Me asomé a la ventana y, al verme, el chófer, que siempre me trataba como a un señorito y no como al pardillo que era, me saludó de lejos. Devolví el saludo. Sentada en el asiento del pasajero estaba su hija Cristina, una criatura de piel pálida y labios a pincel que me llevaba un par de años y que me tenía robado el aliento desde que la vi la primera vez que Vidal me invitó a visitar Villa Helius.

—No la mires tanto que la vas a romper —murmuró Vidal a mi espalda. Me volví y me encontré con aquel semblante maquiavélico que Vidal reservaba para los asuntos del corazón y otras vísceras nobles.

—No sé de qué está hablando.

—Qué gran verdad —replicó Vidal—. Entonces, ¿qué vas a hacer con lo de esta noche?

Releí la nota y dudé.

—¿Frecuenta usted ese tipo de locales, don Pedro?

—Yo no he pagado por una mujer desde que tenía quince años y, técnicamente, pagó mi padre —replicó Vidal sin jactancia alguna—. Pero a caballo regalado…

—No sé, don Pedro…

—Claro que sabes.

Vidal me dio una palmadita en la espalda de camino a la puerta.

—Te quedan siete horas hasta la medianoche —dijo—. Lo digo por si te quieres echar una cabezadita y coger fuerzas.

Me asomé a la ventana y le vi alejarse rumbo al coche.
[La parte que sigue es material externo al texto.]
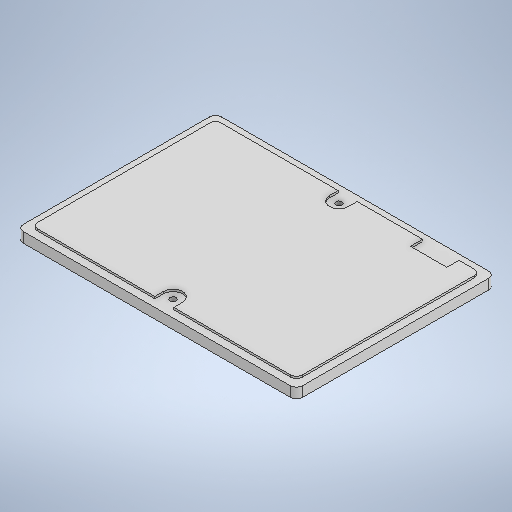
# Autodesk Inventor part: Lid
Saved by Autodesk Inventor 2025 (Build 290162000, 162)
## iProperties
Created: 2024-06-09
Part Number: Lid
Material: Generic
Document SubType Name: Modeling
Designer: Dell
Density: 1 g/cm^3
Appearance: Default
Author: Dell
Autodesk Inventor part; units mm, degrees
ref_plane "YZ Plane" through (0, 0, 0) normal (1, 0, 0) x (0, 1, 0)
ref_plane "XZ Plane" through (0, 0, 0) normal (0, 1, 0) x (-1, 0, 0)
ref_plane "XY Plane" through (0, 0, 0) normal (0, 0, 1) x (1, 0, 0)
sketch "Sketch1" plane through (0, 0, 0) normal (0, 1, 0) x (-1, 0, 0)
  line L0 (59, 49.2) -> (-66, 49.2)
  arc A0 (-66, 49.2) -> (-69, 46.2) centre (-66, 46.2) ccw
  line L1 (-69, 46.2) -> (-69, -38.8)
  arc A1 (-69, -38.8) -> (-66, -41.8) centre (-66, -38.8) ccw
  line L2 (-66, -41.8) -> (59, -41.8)
  arc A2 (59, -41.8) -> (62, -38.8) centre (59, -38.8) ccw
  line L3 (62, -38.8) -> (62, 46.2)
  arc A3 (62, 46.2) -> (59, 49.2) centre (59, 46.2) ccw
  line L4 (65.5, 49.7) -> (65.5, -42.3)
  line L5 (62.5, -45.3) -> (-69.5, -45.3)
  line L6 (-72.5, -42.3) -> (-72.5, 49.7)
  line L7 (-69.5, 52.7) -> (62.5, 52.7)
  arc A4 (62.5, -45.3) -> (65.5, -42.3) centre (62.5, -42.3) ccw
  arc A5 (-72.5, -42.3) -> (-69.5, -45.3) centre (-69.5, -42.3) ccw
  arc A6 (-69.5, 52.7) -> (-72.5, 49.7) centre (-69.5, 49.7) ccw
  arc A7 (65.5, 49.7) -> (62.5, 52.7) centre (62.5, 49.7) ccw
  point P0 (65.5, -38.8)
  point P1 (59, -45.3)
  dimension "d0" = 3
  dimension "d3" = 131
  dimension "d6" = 91
  dimension "d29" = 3.5
  dimension "d44" = 3
  dimension "d45" = 3
  dimension "d46" = 3
  dimension "d47" = 3
  constraints: 16 end point, 16 point on circle, 16 tangent, 8 centre point, 4 parallel, 3 equal radius, 2 point on line, 1 horizontal, 1 vertical
  measures "d0" radius of A3
  measures "d3" distance between parallel lines of L3 L1
  measures "d6" distance between parallel lines of L0 L2
  measures "d29" distance between parallel lines of L3 L4
  measures "d44" radius of A4
  measures "d45" radius of A5
  measures "d46" radius of A6
  measures "d47" radius of A7
extrude "Extrusion6" add sketch "Sketch1" along normal blind 1.5 contours A3 L3 A2 L2 A1 L1 A0 L0
extrude "Extrusion7" add sketch "Sketch1" along normal blind 5
sketch "Sketch3" plane through (0, 1.5, 0) normal (0, 1, 0) x (1, 0, 0)
  line L0 (-59, 41.8) -> (66, 41.8) projected
  line L1 (66, -49.2) -> (-59, -49.2) projected
  circle A0 centre (3.5, 37.3) radius 1.5
  circle A1 centre (3.5, 37.3) radius 4.5
  line L2 (8, 37.3) -> (8, 41.8)
  line L3 (-1, 37.3) -> (-1, 41.8)
  line L4 (-62, 38.8) -> (-62, -46.2) projected
  line L5 (-62, -3.7) -> (-24.2248, -3.7)
  circle A2 centre (3.5, -44.7) radius 1.5
  circle A3 centre (3.5, -44.7) radius 4.5
  line L6 (8, -44.7) -> (8, -49.2)
  line L7 (-1, -44.7) -> (-1, -49.2)
  point P0 (0, 0)
  dimension "d34" = 3
  dimension "d35" = 9
  dimension "d36" = 4.5
  constraints: 10 end point, 6 symmetric about line, 4 centre point, 4 point on circle, 2 coincident, 2 perpendicular, 2 point on line, 2 tangent, 1 horizontal, 1 midpoint, 2 other
  measures "d34" diameter of A0
  measures "d35" diameter of A1
  measures "d36" distance from line of L0 A0.centre
extrude "Extrusion8" add sketch "Sketch3" along normal blind 3.5
sketch "Sketch4" plane through (0, 1.5, 0) normal (0, 1, 0) x (1, 0, 0)
  line L0 (8, 41.8) -> (8, 37.3) projected
  arc A0 (-1, 37.3) -> (8, 37.3) centre (3.5, 37.3) ccw projected
  line L1 (-1, 37.3) -> (-1, 41.8) projected
  line L2 (-1, 41.8) -> (-59, 41.8) projected
  arc A1 (-59, 41.8) -> (-62, 38.8) centre (-59, 38.8) ccw projected
  line L3 (-62, 38.8) -> (-62, -46.2) projected
  arc A2 (-62, -46.2) -> (-59, -49.2) centre (-59, -46.2) ccw projected
  line L4 (-59, -49.2) -> (-1, -49.2) projected
  line L5 (-1, -49.2) -> (-1, -44.7) projected
  arc A3 (8, -44.7) -> (-1, -44.7) centre (3.5, -44.7) ccw projected
  line L6 (8, -44.7) -> (8, -49.2) projected
  line L7 (8, -49.2) -> (66, -49.2) projected
  arc A4 (66, -49.2) -> (69, -46.2) centre (66, -46.2) ccw projected
  line L8 (69, -46.2) -> (69, 38.8) projected
  arc A5 (69, 38.8) -> (66, 41.8) centre (66, 38.8) ccw projected
  line L9 (66, 41.8) -> (8, 41.8) projected
  line L10 (-59, 41.6) -> (-1.2, 41.6)
  line L11 (-1.2, 41.6) -> (-1.2, 37.3)
  arc A6 (-1.2, 37.3) -> (8.2, 37.3) centre (3.5, 37.3) ccw
  line L12 (8.2, 37.3) -> (8.2, 41.6)
  line L13 (8.2, 41.6) -> (66, 41.6)
  arc A7 (68.8, 38.8) -> (66, 41.6) centre (66, 38.8) ccw
  line L14 (68.8, 38.8) -> (68.8, -46.2)
  arc A8 (66, -49) -> (68.8, -46.2) centre (66, -46.2) ccw
  line L15 (66, -49) -> (8.2, -49)
  line L16 (8.2, -49) -> (8.2, -44.7)
  arc A9 (8.2, -44.7) -> (-1.2, -44.7) centre (3.5, -44.7) ccw
  line L17 (-1.2, -44.7) -> (-1.2, -49)
  line L18 (-1.2, -49) -> (-59, -49)
  arc A10 (-61.8, -46.2) -> (-59, -49) centre (-59, -46.2) ccw
  line L19 (-61.8, -46.2) -> (-61.8, 38.8)
  arc A11 (-59, 41.6) -> (-61.8, 38.8) centre (-59, 38.8) ccw
  point P0 (0, 0)
  dimension "d39" = 0.2
  constraints: 20 end point, 12 point on circle, 6 centre point, 15 other
  measures "d39" distance between parallel lines of L2 L10
extrude "Extrusion9" add sketch "Sketch4" along normal blind 3.5
extrude "Extrusion10" add sketch "Sketch4" along normal blind 4.5 contours L10 L11 A6 L12 L13 A7 L14 A8 L15 L16 A9 L17 L18 A10 L19 A11
sketch "Sketch5" plane through (0, 6, 0) normal (0, 1, 0) x (1, 0, 0)
  line L0 (66, 41.6) -> (8.2, 41.6) projected
  line L1 (40.5, 41.6) -> (58.5, 41.6)
  line L2 (58.5, 41.6) -> (58.5, 35.6)
  line L3 (58.5, 35.6) -> (40.5, 35.6)
  line L4 (40.5, 35.6) -> (40.5, 41.6)
  point P0 (0, 0)
  point P1 (69.5, 45.3)
  point P2 (49.5, 41.6)
  dimension "d48" = 18
  dimension "d49" = 6
  dimension "d50" = 20
  constraints: 8 end point, 2 parallel, 1 horizontal, 1 midpoint, 1 perpendicular, 1 point on line
  measures "d48" distance of L2.end L3.end
  measures "d49" distance of L1.end L2.end
  measures "d50" horizontal distance of point (49.5, 41.6) point (69.5, 45.3)
extrude "Extrusion11" cut sketch "Sketch5" against normal up to surface (1 mm away)
sketch "Sketch6" plane through (0, 0, 0) normal (0, -1, 0) x (1, 0, 0)
  circle A0 centre (3.5, -37.3) radius 1.5 projected
  arc A1 (8.2, -37.3) -> (-1.2, -37.3) centre (3.5, -37.3) ccw projected
  circle A2 centre (3.5, 44.7) radius 1.5 projected
  arc A3 (-1.2, 44.7) -> (8.2, 44.7) centre (3.5, 44.7) ccw projected
  circle A4 centre (3.5, -37.3) radius 2.75
  circle A5 centre (3.5, 44.7) radius 2.75
  point P0 (0, 0)
  dimension "d55" = 5.5
  dimension "d56" = 5.5
  constraints: 2 centre point, 2 coincident
  measures "d55" diameter of A4
  measures "d56" diameter of A5
extrude "Extrusion12" cut sketch "Sketch6" against normal blind 10 contours A0 | A2
extrude "Extrusion13" cut sketch "Sketch6" against normal blind 2
sketch "Sketch7" plane through (0, 0, 0) normal (0, -1, 0) x (1, 0, 0)
  line L0 (-65.5, -42.3) -> (-65.5, 49.7) projected
  line L1 (-62.5, 52.7) -> (69.5, 52.7) projected
  line L2 (72.5, 49.7) -> (72.5, -42.3) projected
  line L3 (69.5, -45.3) -> (-62.5, -45.3) projected
  line L4 (-34.3067, 8.9219) -> (41.3173, 8.9219) construction
  line L5 (41.3173, 8.9219) -> (41.3173, -1.4995) construction
  line L6 (41.3173, -1.4995) -> (-34.3067, -1.4995) construction
  line L7 (-34.3067, -1.4995) -> (-34.3067, 8.9219) construction
  line L8 (-53.3099, -3.7888) -> (-48.2532, 11.2112)
  line L9 (-48.2532, 11.2112) -> (-45.7977, 11.2112)
  line L10 (-45.7977, 11.2112) -> (-40.741, -3.7888)
  line L11 (-40.741, -3.7888) -> (-42.8439, -3.7888)
  line L12 (-42.8439, -3.7888) -> (-44.2054, 0.4049)
  line L13 (-44.2054, 0.4049) -> (-49.9306, 0.4049)
  line L14 (-49.9306, 0.4049) -> (-51.2921, -3.7888)
  line L15 (-51.2921, -3.7888) -> (-53.3099, -3.7888)
  line L16 (-44.7524, 2.1067) -> (-47.0741, 9.1691)
  line L17 (-47.0741, 9.1691) -> (-49.3836, 2.1067)
  line L18 (-49.3836, 2.1067) -> (-44.7524, 2.1067)
  spline S0 degree 2 poles (-33.0344, -4.0805) (-34.6268, -4.0805) (-37.2645, -3.1081) (-38.2127, -2.1235) knots 0 0 0 1 2 2 2
  spline S1 degree 2 poles (-38.2127, -2.1235) (-39.1608, -1.1267) (-40.1697, 1.8149) (-40.1697, 3.7234) knots 0 0 0 1 2 2 2
  spline S2 degree 2 poles (-40.1697, 3.7234) (-40.1697, 5.5346) (-39.1486, 8.4033) (-38.2005, 9.4243) knots 0 0 0 1 2 2 2
  spline S3 degree 2 poles (-38.2005, 9.4243) (-37.2888, 10.4089) (-34.6146, 11.4786) (-33.0222, 11.4786) knots 0 0 0 1 2 2 2
  spline S4 degree 2 poles (-33.0222, 11.4786) (-32.2564, 11.4786) (-30.8707, 11.2598) (-30.2386, 11.0653) knots 0 0 0 1 2 2 2
  spline S5 degree 2 poles (-30.2386, 11.0653) (-29.7281, 10.9195) (-28.4882, 10.3846) (-28.1114, 10.1901) knots 0 0 0 1 2 2 2
  line L19 (-28.1114, 10.1901) -> (-28.1114, 7.7833)
  line L20 (-28.1114, 7.7833) -> (-28.2815, 7.7833)
  spline S6 degree 2 poles (-28.2815, 7.7833) (-28.6584, 8.1115) (-29.4485, 8.7072) (-30.1778, 9.0475) knots 0 0 0 1 2 2 2
  spline S7 degree 2 poles (-30.1778, 9.0475) (-30.7856, 9.3514) (-32.3537, 9.7525) (-33.2532, 9.7525) knots 0 0 0 1 2 2 2
  spline S8 degree 2 poles (-33.2532, 9.7525) (-35.4169, 9.7525) (-38.0911, 6.4948) (-38.0911, 3.7841) knots 0 0 0 1 2 2 2
  spline S9 degree 2 poles (-38.0911, 3.7841) (-38.0911, 2.2769) (-37.3861, 0.0159) (-36.7175, -0.762) knots 0 0 0 1 2 2 2
  spline S10 degree 2 poles (-36.7175, -0.762) (-36.0733, -1.54) (-34.2499, -2.3544) (-33.1073, -2.3544) knots 0 0 0 1 2 2 2
  spline S11 degree 2 poles (-33.1073, -2.3544) (-32.2686, -2.3544) (-30.5911, -2.1113) (-30.0198, -1.8682) knots 0 0 0 1 2 2 2
  line L21 (-30.0198, -1.8682) -> (-30.0198, 2.0094)
  line L22 (-30.0198, 2.0094) -> (-33.4963, 2.0094)
  line L23 (-33.4963, 2.0094) -> (-33.4963, 3.7598)
  line L24 (-33.4963, 3.7598) -> (-28.0506, 3.7598)
  line L25 (-28.0506, 3.7598) -> (-28.0506, -2.792)
  spline S12 degree 2 poles (-28.0506, -2.792) (-28.4274, -2.9622) (-29.7159, -3.4849) (-30.2629, -3.6429) knots 0 0 0 1 2 2 2
  spline S13 degree 2 poles (-30.2629, -3.6429) (-31.0044, -3.8617) (-32.1956, -4.0805) (-33.0344, -4.0805) knots 0 0 0 1 2 2 2
  line L26 (-13.9379, -3.7888) -> (-16.5271, -3.7888)
  line L27 (-16.5271, -3.7888) -> (-21.2678, 2.1796)
  line L28 (-21.2678, 2.1796) -> (-23.553, 2.1796)
  line L29 (-23.553, 2.1796) -> (-23.553, -3.7888)
  line L30 (-23.553, -3.7888) -> (-25.5465, -3.7888)
  line L31 (-25.5465, -3.7888) -> (-25.5465, 11.2112)
  line L32 (-25.5465, 11.2112) -> (-21.681, 11.2112)
  spline S14 degree 2 poles (-21.681, 11.2112) (-20.3926, 11.2112) (-18.6543, 10.9316) (-17.8642, 10.4211) knots 0 0 0 1 2 2 2
  spline S15 degree 2 poles (-17.8642, 10.4211) (-17.0741, 9.9106) (-16.1624, 8.3182) (-16.1624, 7.1391) knots 0 0 0 1 2 2 2
  spline S16 degree 2 poles (-16.1624, 7.1391) (-16.1624, 5.4981) (-17.8399, 3.2736) (-19.2742, 2.7388) knots 0 0 0 1 2 2 2
  line L33 (-19.2742, 2.7388) -> (-13.9379, -3.7888)
  spline S17 degree 2 poles (-18.241, 6.9811) (-18.241, 7.6375) (-18.7029, 8.6464) (-19.1892, 8.9746) knots 0 0 0 1 2 2 2
  spline S18 degree 2 poles (-19.1892, 8.9746) (-19.6146, 9.2542) (-20.7451, 9.4851) (-21.5716, 9.4851) knots 0 0 0 1 2 2 2
  line L34 (-21.5716, 9.4851) -> (-23.553, 9.4851)
  line L35 (-23.553, 9.4851) -> (-23.553, 3.8449)
  line L36 (-23.553, 3.8449) -> (-21.8026, 3.8449)
  spline S19 degree 2 poles (-21.8026, 3.8449) (-20.9396, 3.8449) (-19.566, 4.1488) (-19.0919, 4.6229) knots 0 0 0 1 2 2 2
  spline S20 degree 2 poles (-19.0919, 4.6229) (-18.6543, 5.0362) (-18.241, 6.2031) (-18.241, 6.9811) knots 0 0 0 1 2 2 2
  spline S21 degree 2 poles (-2.1349, 9.4973) (-1.284, 8.5005) (-0.3358, 5.5832) (-0.3358, 3.7112) knots 0 0 0 1 2 2 2
  spline S22 degree 2 poles (-0.3358, 3.7112) (-0.3358, 1.8879) (-1.2597, -1.0659) (-2.1349, -2.0627) knots 0 0 0 1 2 2 2
  spline S23 degree 2 poles (-2.1349, -2.0627) (-3.0587, -3.1081) (-5.502, -4.1048) (-6.9728, -4.1048) knots 0 0 0 1 2 2 2
  spline S24 degree 2 poles (-6.9728, -4.1048) (-8.4922, -4.1048) (-10.9234, -3.0716) (-11.8107, -2.0627) knots 0 0 0 1 2 2 2
  spline S25 degree 2 poles (-11.8107, -2.0627) (-12.6738, -1.0659) (-13.5976, 1.8636) (-13.5976, 3.7112) knots 0 0 0 1 2 2 2
  spline S26 degree 2 poles (-13.5976, 3.7112) (-13.5976, 5.5953) (-12.6616, 8.4641) (-11.7986, 9.4973) knots 0 0 0 1 2 2 2
  spline S27 degree 2 poles (-11.7986, 9.4973) (-10.9234, 10.494) (-8.4801, 11.5273) (-6.9728, 11.5273) knots 0 0 0 1 2 2 2
  spline S28 degree 2 poles (-6.9728, 11.5273) (-5.4412, 11.5273) (-2.9857, 10.4576) (-2.1349, 9.4973) knots 0 0 0 1 2 2 2
  spline S29 degree 2 poles (-2.4144, 3.7112) (-2.4144, 5.1942) (-3.0587, 7.4916) (-3.6422, 8.2452) knots 0 0 0 1 2 2 2
  spline S30 degree 2 poles (-3.6422, 8.2452) (-4.2378, 9.0232) (-5.9152, 9.8012) (-6.9606, 9.8012) knots 0 0 0 1 2 2 2
  spline S31 degree 2 poles (-6.9606, 9.8012) (-8.0425, 9.8012) (-9.6713, 9.0475) (-10.2913, 8.2452) knots 0 0 0 1 2 2 2
  spline S32 degree 2 poles (-10.2913, 8.2452) (-10.8869, 7.4794) (-11.519, 5.1699) (-11.519, 3.7112) knots 0 0 0 1 2 2 2
  spline S33 degree 2 poles (-11.519, 3.7112) (-11.519, 0.7574) (-9.0392, -2.3787) (-6.9606, -2.3787) knots 0 0 0 1 2 2 2
  spline S34 degree 2 poles (-6.9606, -2.3787) (-4.882, -2.3787) (-2.4144, 0.7574) (-2.4144, 3.7112) knots 0 0 0 1 2 2 2
  spline S35 degree 2 poles (6.0337, -4.0562) (4.4049, -4.0562) (2.1196, -3.3755) (1.1107, -2.8893) knots 0 0 0 1 2 2 2
  line L37 (1.1107, -2.8893) -> (1.1107, -0.3852)
  line L38 (1.1107, -0.3852) -> (1.2566, -0.3852)
  spline S36 degree 2 poles (1.2566, -0.3852) (2.2412, -1.309) (4.7331, -2.3301) (5.8878, -2.3301) knots 0 0 0 1 2 2 2
  spline S37 degree 2 poles (5.8878, -2.3301) (7.541, -2.3301) (9.2306, -0.9565) (9.2306, 0.1739) knots 0 0 0 1 2 2 2
  spline S38 degree 2 poles (9.2306, 0.1739) (9.2306, 1.0735) (8.3433, 2.1918) (7.383, 2.4713) knots 0 0 0 1 2 2 2
  spline S39 degree 2 poles (7.383, 2.4713) (6.6901, 2.6658) (5.5353, 2.9333) (4.6723, 3.1521) knots 0 0 0 1 2 2 2
  spline S40 degree 2 poles (4.6723, 3.1521) (3.8943, 3.3587) (2.6666, 3.9786) (2.1925, 4.477) knots 0 0 0 1 2 2 2
  spline S41 degree 2 poles (2.1925, 4.477) (1.7306, 4.9754) (1.2201, 6.3125) (1.2201, 7.1877) knots 0 0 0 1 2 2 2
  spline S42 degree 2 poles (1.2201, 7.1877) (1.2201, 9.0111) (4.0645, 11.4786) (6.2647, 11.4786) knots 0 0 0 1 2 2 2
  spline S43 degree 2 poles (6.2647, 11.4786) (7.5288, 11.4786) (9.7655, 10.9803) (10.7258, 10.5062) knots 0 0 0 1 2 2 2
  line L39 (10.7258, 10.5062) -> (10.7258, 8.1237)
  line L40 (10.7258, 8.1237) -> (10.5799, 8.1237)
  spline S44 degree 2 poles (10.5799, 8.1237) (9.8627, 8.7801) (7.6261, 9.7525) (6.3984, 9.7525) knots 0 0 0 1 2 2 2
  spline S45 degree 2 poles (6.3984, 9.7525) (5.0126, 9.7525) (3.2987, 8.4519) (3.2987, 7.3944) knots 0 0 0 1 2 2 2
  spline S46 degree 2 poles (3.2987, 7.3944) (3.2987, 6.4462) (4.3076, 5.3158) (5.2557, 5.0605) knots 0 0 0 1 2 2 2
  spline S47 degree 2 poles (5.2557, 5.0605) (5.8878, 4.8903) (7.7233, 4.4527) (8.3311, 4.2704) knots 0 0 0 1 2 2 2
  spline S48 degree 2 poles (8.3311, 4.2704) (9.8749, 3.7963) (11.3092, 1.8879) (11.3092, 0.49) knots 0 0 0 1 2 2 2
  spline S49 degree 2 poles (11.3092, 0.49) (11.3092, -0.3974) (10.592, -2.0992) (9.9478, -2.6948) knots 0 0 0 1 2 2 2
  spline S50 degree 2 poles (9.9478, -2.6948) (9.2306, -3.3512) (7.4073, -4.0562) (6.0337, -4.0562) knots 0 0 0 1 2 2 2
  line L41 (13.3392, -3.7888) -> (13.3392, 11.2112)
  line L42 (13.3392, 11.2112) -> (22.7233, 11.2112)
  line L43 (22.7233, 11.2112) -> (22.7233, 9.4365)
  line L44 (22.7233, 9.4365) -> (15.3327, 9.4365)
  line L45 (15.3327, 9.4365) -> (15.3327, 5.3279)
  line L46 (15.3327, 5.3279) -> (22.2249, 5.3279)
  line L47 (22.2249, 5.3279) -> (22.2249, 3.5532)
  line L48 (22.2249, 3.5532) -> (15.3327, 3.5532)
  line L49 (15.3327, 3.5532) -> (15.3327, -2.0141)
  line L50 (15.3327, -2.0141) -> (22.7233, -2.0141)
  line L51 (22.7233, -2.0141) -> (22.7233, -3.7888)
  line L52 (22.7233, -3.7888) -> (13.3392, -3.7888)
  line L53 (35.6447, -3.7888) -> (33.4081, -3.7888)
  line L54 (33.4081, -3.7888) -> (26.7711, 9.1448)
  line L55 (26.7711, 9.1448) -> (26.7711, -3.7888)
  line L56 (26.7711, -3.7888) -> (24.9113, -3.7888)
  line L57 (24.9113, -3.7888) -> (24.9113, 11.2112)
  line L58 (24.9113, 11.2112) -> (27.7436, 11.2112)
  line L59 (27.7436, 11.2112) -> (33.7849, -0.6648)
  line L60 (33.7849, -0.6648) -> (33.7849, 11.2112)
  line L61 (33.7849, 11.2112) -> (35.6447, 11.2112)
  line L62 (35.6447, 11.2112) -> (35.6447, -3.7888)
  spline S51 degree 2 poles (42.8651, -4.0562) (41.2363, -4.0562) (38.951, -3.3755) (37.9421, -2.8893) knots 0 0 0 1 2 2 2
  line L63 (37.9421, -2.8893) -> (37.9421, -0.3852)
  line L64 (37.9421, -0.3852) -> (38.088, -0.3852)
  spline S52 degree 2 poles (38.088, -0.3852) (39.0726, -1.309) (41.5645, -2.3301) (42.7193, -2.3301) knots 0 0 0 1 2 2 2
  spline S53 degree 2 poles (42.7193, -2.3301) (44.3724, -2.3301) (46.0621, -0.9565) (46.0621, 0.1739) knots 0 0 0 1 2 2 2
  spline S54 degree 2 poles (46.0621, 0.1739) (46.0621, 1.0735) (45.1747, 2.1918) (44.2144, 2.4713) knots 0 0 0 1 2 2 2
  spline S55 degree 2 poles (44.2144, 2.4713) (43.5215, 2.6658) (42.3668, 2.9333) (41.5037, 3.1521) knots 0 0 0 1 2 2 2
  spline S56 degree 2 poles (41.5037, 3.1521) (40.7258, 3.3587) (39.498, 3.9786) (39.024, 4.477) knots 0 0 0 1 2 2 2
  spline S57 degree 2 poles (39.024, 4.477) (38.5621, 4.9754) (38.0515, 6.3125) (38.0515, 7.1877) knots 0 0 0 1 2 2 2
  spline S58 degree 2 poles (38.0515, 7.1877) (38.0515, 9.0111) (40.8959, 11.4786) (43.0961, 11.4786) knots 0 0 0 1 2 2 2
  spline S59 degree 2 poles (43.0961, 11.4786) (44.3603, 11.4786) (46.5969, 10.9803) (47.5572, 10.5062) knots 0 0 0 1 2 2 2
  line L65 (47.5572, 10.5062) -> (47.5572, 8.1237)
  line L66 (47.5572, 8.1237) -> (47.4113, 8.1237)
  spline S60 degree 2 poles (47.4113, 8.1237) (46.6942, 8.7801) (44.4575, 9.7525) (43.2298, 9.7525) knots 0 0 0 1 2 2 2
  spline S61 degree 2 poles (43.2298, 9.7525) (41.8441, 9.7525) (40.1301, 8.4519) (40.1301, 7.3944) knots 0 0 0 1 2 2 2
  spline S62 degree 2 poles (40.1301, 7.3944) (40.1301, 6.4462) (41.139, 5.3158) (42.0872, 5.0605) knots 0 0 0 1 2 2 2
  spline S63 degree 2 poles (42.0872, 5.0605) (42.7193, 4.8903) (44.5548, 4.4527) (45.1625, 4.2704) knots 0 0 0 1 2 2 2
  spline S64 degree 2 poles (45.1625, 4.2704) (46.7063, 3.7963) (48.1407, 1.8879) (48.1407, 0.49) knots 0 0 0 1 2 2 2
  spline S65 degree 2 poles (48.1407, 0.49) (48.1407, -0.3974) (47.4235, -2.0992) (46.7792, -2.6948) knots 0 0 0 1 2 2 2
  spline S66 degree 2 poles (46.7792, -2.6948) (46.0621, -3.3512) (44.2387, -4.0562) (42.8651, -4.0562) knots 0 0 0 1 2 2 2
  line L67 (50.1707, -3.7888) -> (50.1707, 11.2112)
  line L68 (50.1707, 11.2112) -> (59.5548, 11.2112)
  line L69 (59.5548, 11.2112) -> (59.5548, 9.4365)
  line L70 (59.5548, 9.4365) -> (52.1642, 9.4365)
  line L71 (52.1642, 9.4365) -> (52.1642, 5.3279)
  line L72 (52.1642, 5.3279) -> (59.0564, 5.3279)
  line L73 (59.0564, 5.3279) -> (59.0564, 3.5532)
  line L74 (59.0564, 3.5532) -> (52.1642, 3.5532)
  line L75 (52.1642, 3.5532) -> (52.1642, -2.0141)
  line L76 (52.1642, -2.0141) -> (59.5548, -2.0141)
  line L77 (59.5548, -2.0141) -> (59.5548, -3.7888)
  line L78 (59.5548, -3.7888) -> (50.1707, -3.7888)
  point P0 (0, 0)
  point P1 (3.5, 52.7)
  point P2 (-65.5, 3.7)
  point P3 (3.5, 3.7)
  constraints: 2 midpoint, 2 other
extrude "Extrusion15" cut sketch "Sketch7" against normal blind 1
body "Solid3"

Manuel le abrió la puerta y Vidal se dejó caer en el asiento trasero con desidia. Escuché el motor del Hispano-Suiza desplegar su sinfonía de pistones y émbolos. En aquel instante la hija del chófer, Cristina, alzó la vista y miró hacia mi ventana. Le sonreí, pero me di cuenta de que ella no recordaba quién era yo. Un instante después apartó la mirada y la gran carroza de Vidal se alejó de regreso a su mundo.